INEFÁVEL AMOR DE AVÔ
Há anos que escrevo minhas crônicas e meu irmão Hamilton tem o imenso prazer de editá-las em “power point”, criando os recheios de som e imagem para sua leitura, além da forma que faz variar em suas apresentações. Ele é o maestro que põe arranjos na música. Aqueles que me leem apreciam o trabalho assim publicado, dizendo-me do prazer da leitura pelo conteúdo e mais ainda, pela guarda mental permitida em razão da apresentação sonora e visual. A fixação da leitura torna-se perene pela imagem e som que enriquecem o texto.
Até então, nunca o agradeci de público por esse carinho, embora sempre o tenha feito pessoalmente por ocasião da edição de cada uma delas. Mas, por costume, tenho feito meus elogios às pessoas através das minhas crônicas, quando surgem oportunidades que me aguçam a sensibilidade e que meu coração pulsa fogosamente em externa-la. Já fiz isto com tantos parentes e amigos e hoje me chega a oportunidade de fazer tendo por homenageado o meu irmão Hamilton.

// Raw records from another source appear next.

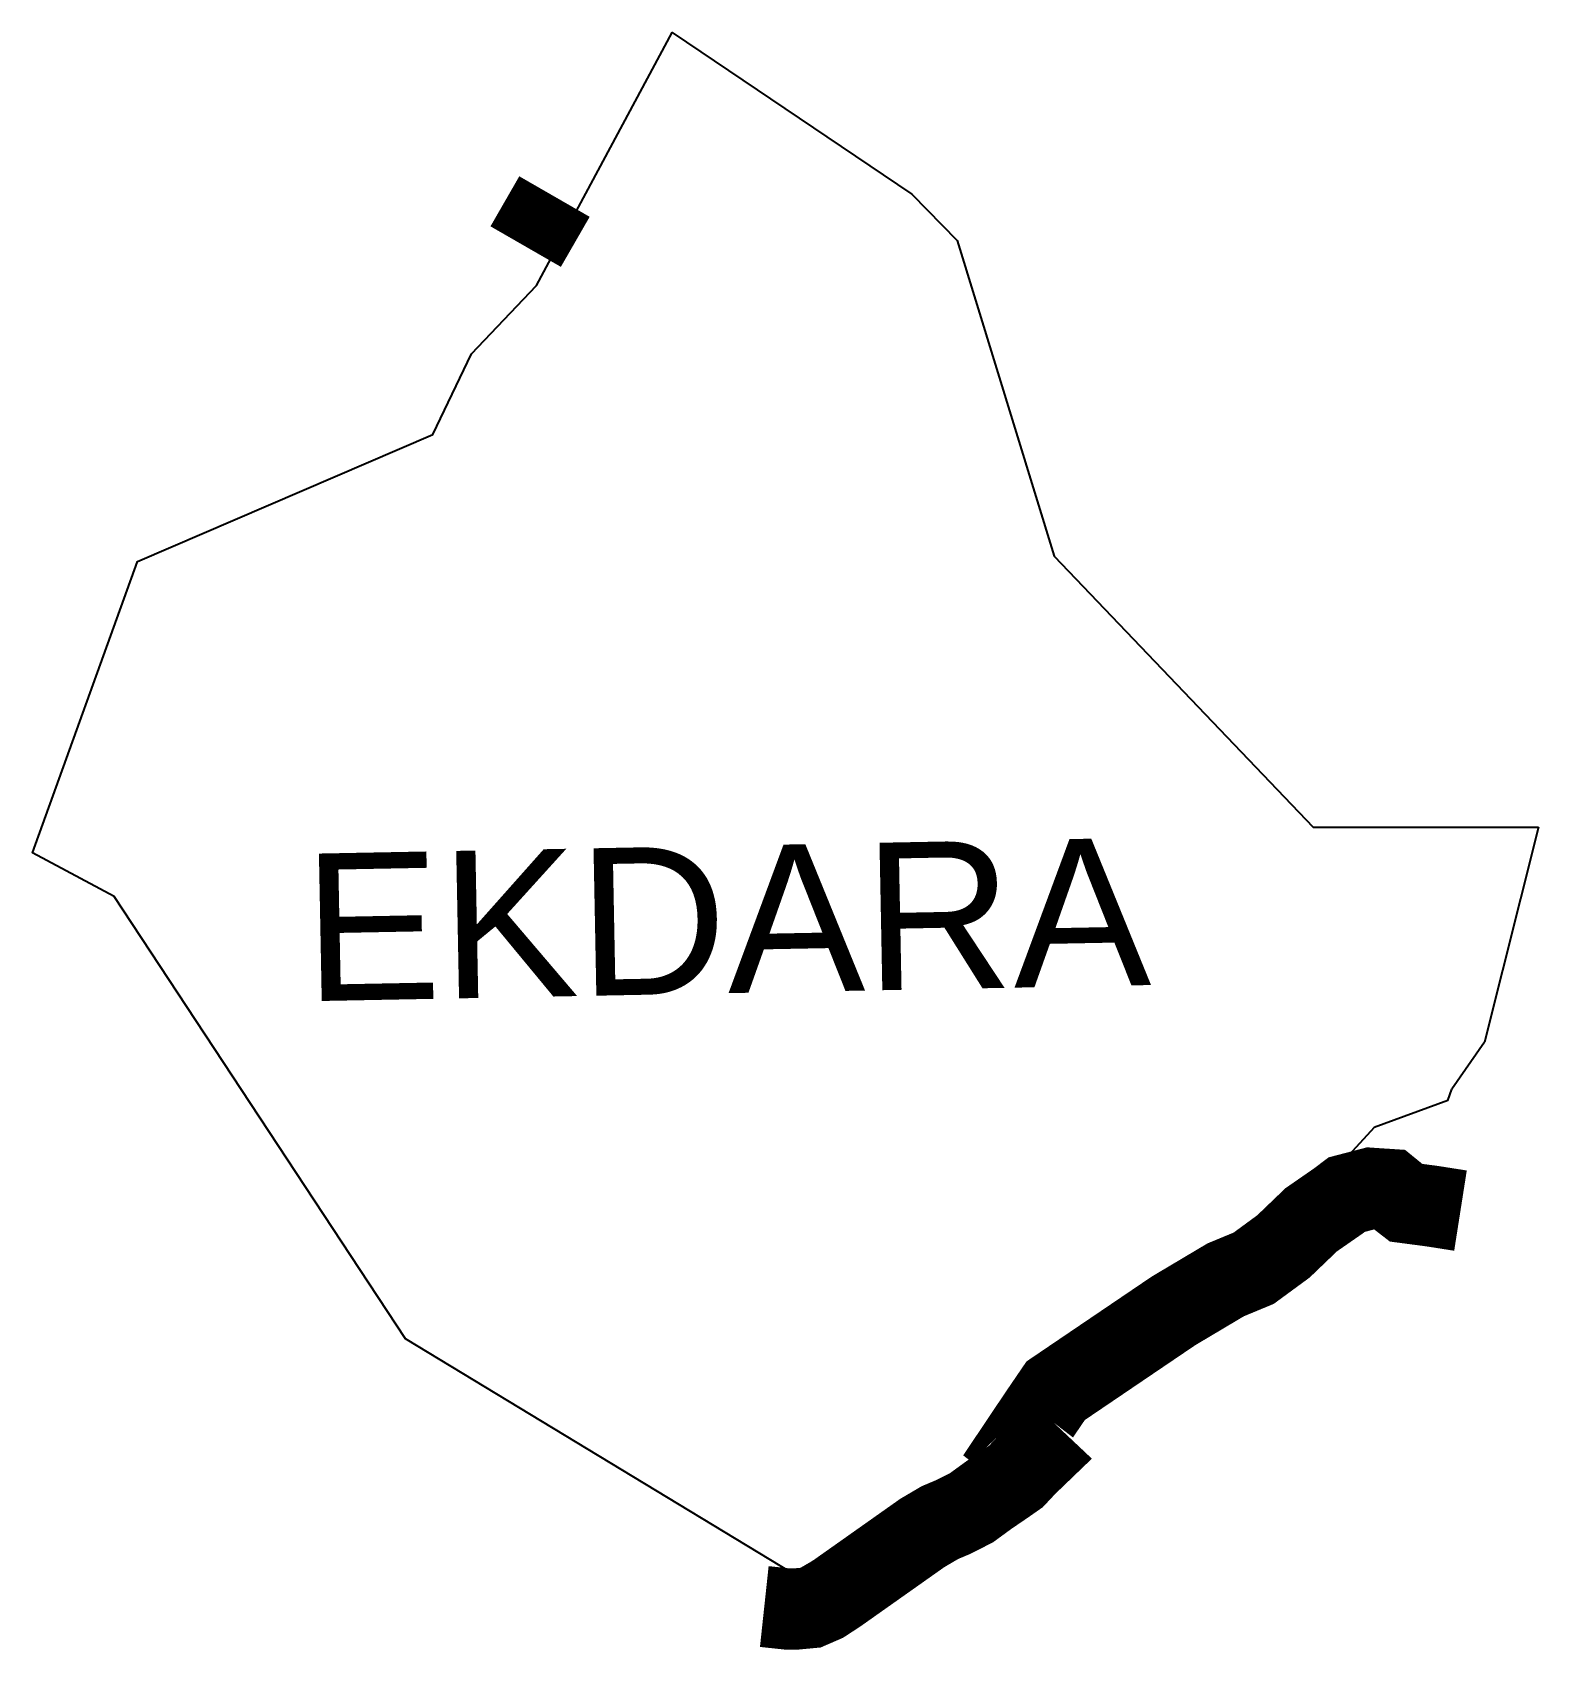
# Model space of a CAD drawing. Header units: metres. Extents: x 283965 to 284892, y 2025858 to 2026853.
import ezdxf

# ---------------------------------------------------------------- set-up
doc = ezdxf.new("R2010")
doc.units = ezdxf.units.M
for name, color, linetype in [('ARTIFICIALLY PROTECTED', 10, 'Continuous'), ('village', 3, 'Continuous'), ('VILLAGE NAME', 250, 'Continuous')]:
    doc.layers.add(name, color=color, linetype=linetype)
doc.styles.get("Standard").update_dxf_attribs({"font": 'simplex.shx'})

msp = doc.modelspace()

# ---------------------------------------------------------------- linework, layer by layer
at = {"color": 3, "flags": 128}
for points in [[(284753.53, 2026363.58), (284892.31, 2026363.68)], [(284836.39, 2026195.52), (284838.92, 2026202.43)]]:
    msp.add_lwpolyline(points, dxfattribs=at)
at = {"layer": 'ARTIFICIALLY PROTECTED', "const_width": 50, "flags": 128}
for points in [[(284286.41, 2026751.77), (284268.68, 2026720.97)], [(284415.58, 2025884.05), (284429.63, 2025882.54), (284434.99, 2025882.52), (284443.99, 2025883.36), (284452.13, 2025886.89), (284460.5, 2025892.34), (284512.88, 2025929.34), (284523.78, 2025935.74), (284531.1, 2025938.81), (284543.12, 2025944.83), (284553.68, 2025952.54), (284563.87, 2025959.47), (284570.59, 2025964.18), (284576.84, 2025970.87), (284581, 2025974.87), (284577.35, 2025978.31), (284571.81, 2025982.58), (284584.46, 2026001.45), (284594.97, 2026016.87), (284667.54, 2026066.02), (284699.65, 2026085.11), (284716.85, 2026092.23), (284735.18, 2026105.67), (284752.27, 2026122.06), (284768.8, 2026133.51), (284774.11, 2026137.54), (284789.03, 2026141.43), (284790.49, 2026141.33), (284800.47, 2026140.67), (284805.62, 2026136.47), (284810.66, 2026132.56), (284826.47, 2026130.48), (284844.19, 2026127.7)]]:
    msp.add_lwpolyline(points, dxfattribs=at)
at = {"layer": 'village', "color": 3}
for points in [[(284836.39, 2026195.52, 0), (284791.02, 2026178.9, 0), (284757.33, 2026142.14, 0), (284581.89, 2026011.8, 0), (284577.08, 2025987.66, 0), (284433.24, 2025904.39, 0), (284194.75, 2026048.88, 0), (284015.4, 2026320.92, 0), (283964.96, 2026347.81, 0), (284029.62, 2026527.14, 0), (284211.48, 2026605.24, 0), (284235.26, 2026654.97, 0), (284275.29, 2026696.96, 0), (284358.83, 2026852.83, 0), (284506.43, 2026753.17, 0), (284534.35, 2026724.67, 0), (284593.95, 2026530.52, 0), (284753.53, 2026363.58, 0)], [(284892.31, 2026363.68, 0), (284859.06, 2026231.34, 0), (284838.92, 2026202.43, 0)], [(284888, 2026363.68, 0), (284892.31, 2026363.68, 0)]]:
    msp.add_polyline3d(points, dxfattribs=at)

# ---------------------------------------------------------------- texts
at = {"layer": 'VILLAGE NAME', "insert": (284130.99, 2026347.24), "char_height": 90.748, "attachment_point": 1, "rotation": 1.10283}
msp.add_mtext_dynamic_manual_height_columns('{\\fArial|b0|i0|c0|p34;EKDARA}', width=726.9295, gutter_width=543.74, heights=[0], dxfattribs=at)

doc.saveas('drawing.dxf')

Segundo da escada filial de Seu Joca e Dora Irene, militar da Marinha de Guerra do Brasil, singrou os mares imensos em submarinos e contratorpedeiros, sem jamais esquecer suas origens da Hollywood Nordestina onde nasceu. Reformado, fixou-se na Rainha da Borborema. Hoje, no limiar das 8 décadas de vida, é acometido de súbito infarto, que o levou em poucos instantes não só rememorar toda sua existência, sua família da qual chegou a se despedir e de seus irmãos, mas entre as dores físicas do peito e angustiosas da alma, a temer por não ter em seus braços Sophia, sua recém nascida netinha até aquele instante ainda não abraçada.
Postando no “whats app” ele disse: “o que por várias vezes tentei contar e não consegui, tantas coisas que passaram naquele momento de angústia, desespero, sofrimento, mas sem medo, pois tinha algo comigo que me dava uma segurança extra e diferente (sem explicação) naquele momento tão sofrido, lembrando e vendo a agonia de minha família; e eu me lembrei que se eu partisse, partiria sem ter pego ainda em minha neta Sophia. Aí as lágrimas desceram, que ainda não tinham descido com o infarto. Era isso que tentei contar aos meus. Por isso decidi escrever, porque ainda não dá para contar. Obrigado, Senhor, Divino Espírito Santo e Nossa Senhora Aparecida. Não quero elogios e nem tampouco críticas. O que escrevi veio de dentro do meu coração infartado”.
Meu irmão disse que por ocasião do infarto não sentiu medo, porque havia algo nele inexplicável que lhe dava segurança, mesmo diante do sofrimento de sua família. E de certo, houve. Houve o amor de Deus. O amor de Deus que o sustentou, mas que também o levou à saudade. Sim, não houve medo, houve saudade. Saudade do amor que ainda não pudera transmitir à Sophia, sua netinha recém-nascida. Saudade do amor que, embora dado a todos os seus familiares, estava incompleto por ainda não ter chegado àquela criancinha. E chorou.
É aqui onde reside minha homenagem, não obstante meu irmão haver escrito que não queria elogios. O avô em vias de despedir-se pela gravidade da lesão cardíaca, chorando não pela dor do coração dilacerado pelo infarto lhe retirando a vida, mas dilacerado pela tristeza lhe retirando a vida sem lhe ter dado a oportunidade de haver acariciado em seus braços, se quer por uma única vez, a sua mais nova netinha. Que cena dolorosa e sublime! O choro pela dor de não ter podido expressar amor.
Hamilton, Deus em sua bondade lhe concedeu a felicidade de abraçar e beijar Sophia, como você já o fez com as outras netas. Sua esperança no momento de dor venceu o infarto e Deus o abençoou afastando-lhe do golpe de foice da Parca. Não foi, pois, desta vez que a Parca teve sucesso, porque o amor de Sophia foi mais forte e porque “a graça e a misericórdia de Deus são para os seus escolhidos” (Sabedoria, 4, 15).
Assim, a Morte não lhe tendo cortado o fio da vida, esse choro por Sophia o fez unir mais ainda a todos, mulher, filhos, netos e demais membros do seu clã, tendo por elo esse pequenino ser que, na sua inconsciência e inocência, irradiou amor no coração infartado do avô.
Meu Irmão, quero agora que produza esse novo “power point”, desta vez carregado com as tintas de suas próprias emoções. Sua neta amada, seu coração infartado, sua tristeza, suas lágrimas, sua esperança, sua dor, sua fé, sua vitória, foram os elementos que expuseram a todos a grandiosidade de sua alma e a magnífica pessoa humana que você é, tornado com este grave infarto exemplo indelével de amor e fé para todos nós. Salve, José Hamilton de Souza!